The facts arising in the present case would go to show that the tax was levied under the Interest-tax Act, 1974, against the assessee in respect of the tax collected from its borrowers and credited the same in the books of account under the head "Special tax accounts". This amount collected by the assessee-bank was offered for tax under the IT assessment. There is no prohibition for the bank to collect the tax payable by it from its borrowers under the various heads for various purposes. The bank was charging interest at 12% on the amount advanced by it to its borrowers. The amount of 7% collected from the borrowers is for the purpose of paying tax under the Interest-tax Act. In fact, the collection of these amounts has no nexus with the amount advanced by the assessee-bank to its borrowers. In reality, it is interest on interest. It is stated that there is an oral contract between the borrowers and the bank for the payment of 7% on the borrowed amount. The amount collected at 7% by the bank was paid as tax under the Interest-tax Act, 1974. The assessee-bank is also offering this 7% collection for income-tax purposes and income-tax was levied thereon. The assessee-bank has to pay advance tax every three months. Therefore, the amount collected by the assessee-bank, though it reached its hands, ultimately went into the coffers of the Government. The assessee-bank is not appropriating the said amount for its own benefit. Under the law there is no prohibition for such collection.
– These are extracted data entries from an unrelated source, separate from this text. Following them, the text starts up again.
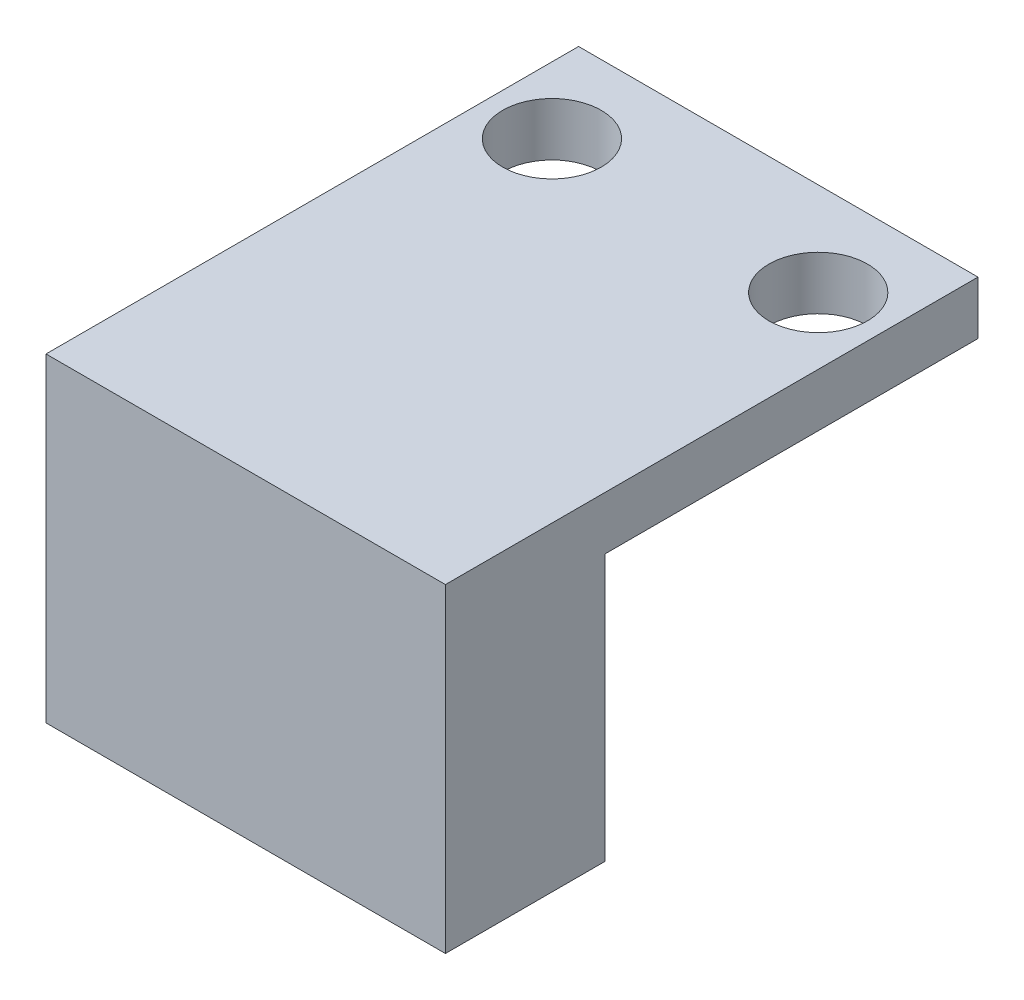
from build123d import *

# Parameters (mm, degrees)
SKETCH1_W           = 15
SKETCH1_H           = 20
SKETCH1_R           = 1.85
BOSS_EXTRUDE1_DEPTH = 2
SKETCH2_W           = 15
SKETCH2_H           = 6
BOSS_EXTRUDE2_DEPTH = 10


with BuildPart() as part:
    # Sketch1 → Boss-Extrude1 (new body)
    with BuildSketch(Plane(origin=(0, 0, 0), x_dir=(1, 0, 0), z_dir=(0, 1, 0))):
        with Locations((0, -6.5)):
            Rectangle(SKETCH1_W, SKETCH1_H)
        with Locations((-5, 0)):
            Circle(SKETCH1_R, mode=Mode.SUBTRACT)
        with Locations((5, 0)):
            Circle(SKETCH1_R, mode=Mode.SUBTRACT)
    extrude(amount=BOSS_EXTRUDE1_DEPTH)

    # Sketch2 → Boss-Extrude2 (add)
    with BuildSketch(Plane.XZ):
        with Locations((0, 13.5)):
            Rectangle(SKETCH2_W, SKETCH2_H)
    extrude(amount=BOSS_EXTRUDE2_DEPTH)


solid = part.part
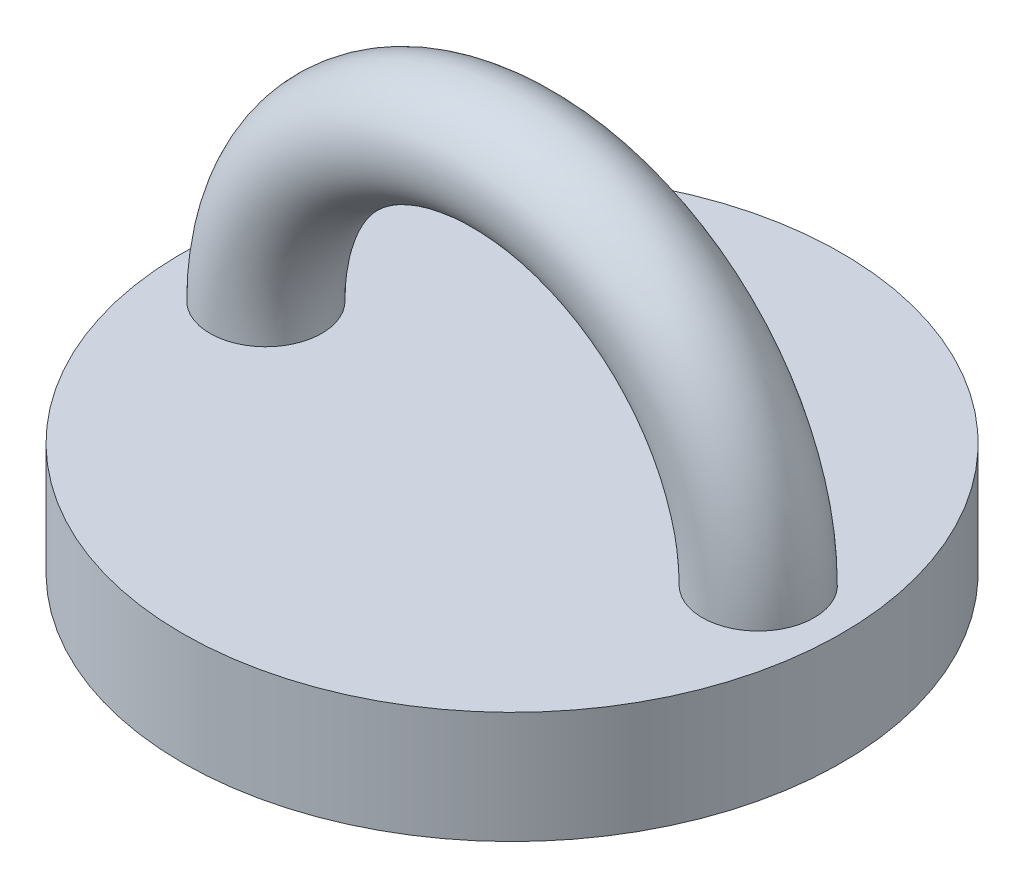
from build123d import *

# Parameters (mm, degrees)
SKETCH1_R           = 29.45
BOSS_EXTRUDE1_DEPTH = 10
SKETCH2_R           = 5
REVOLVE3_ANGLE      = 180


with BuildPart() as part:
    # Sketch1 → Boss-Extrude1 (new body)
    with BuildSketch(Plane(origin=(0, 0, 0), x_dir=(1, 0, 0), z_dir=(0, 1, 0))):
        Circle(SKETCH1_R)
    extrude(amount=BOSS_EXTRUDE1_DEPTH)

    # Sketch2 → Revolve3 (revolve)
    with BuildSketch(Plane(origin=(0, 10, 0), x_dir=(1, 0, 0), z_dir=(0, 1, 0))):
        with Locations((-22, 0)):
            Circle(SKETCH2_R)
    revolve(axis=Axis((0, 10, 39.385958338), (0, 0, -1)), revolution_arc=REVOLVE3_ANGLE)


solid = part.part

Thus, considering the facts arising in this case in the light of the judicial pronouncements cited supra, we hold that the Tribunal was correct in holding that 7% amount collected by the assessee-bank would not fall under the definition "interest" as stated in s. 2(7) of the Interest-tax Act. Accordingly, we answer the questions referred to us in the affirmative and against the Department. No costs. Counsel's fee is fixed at Rs. 1,000.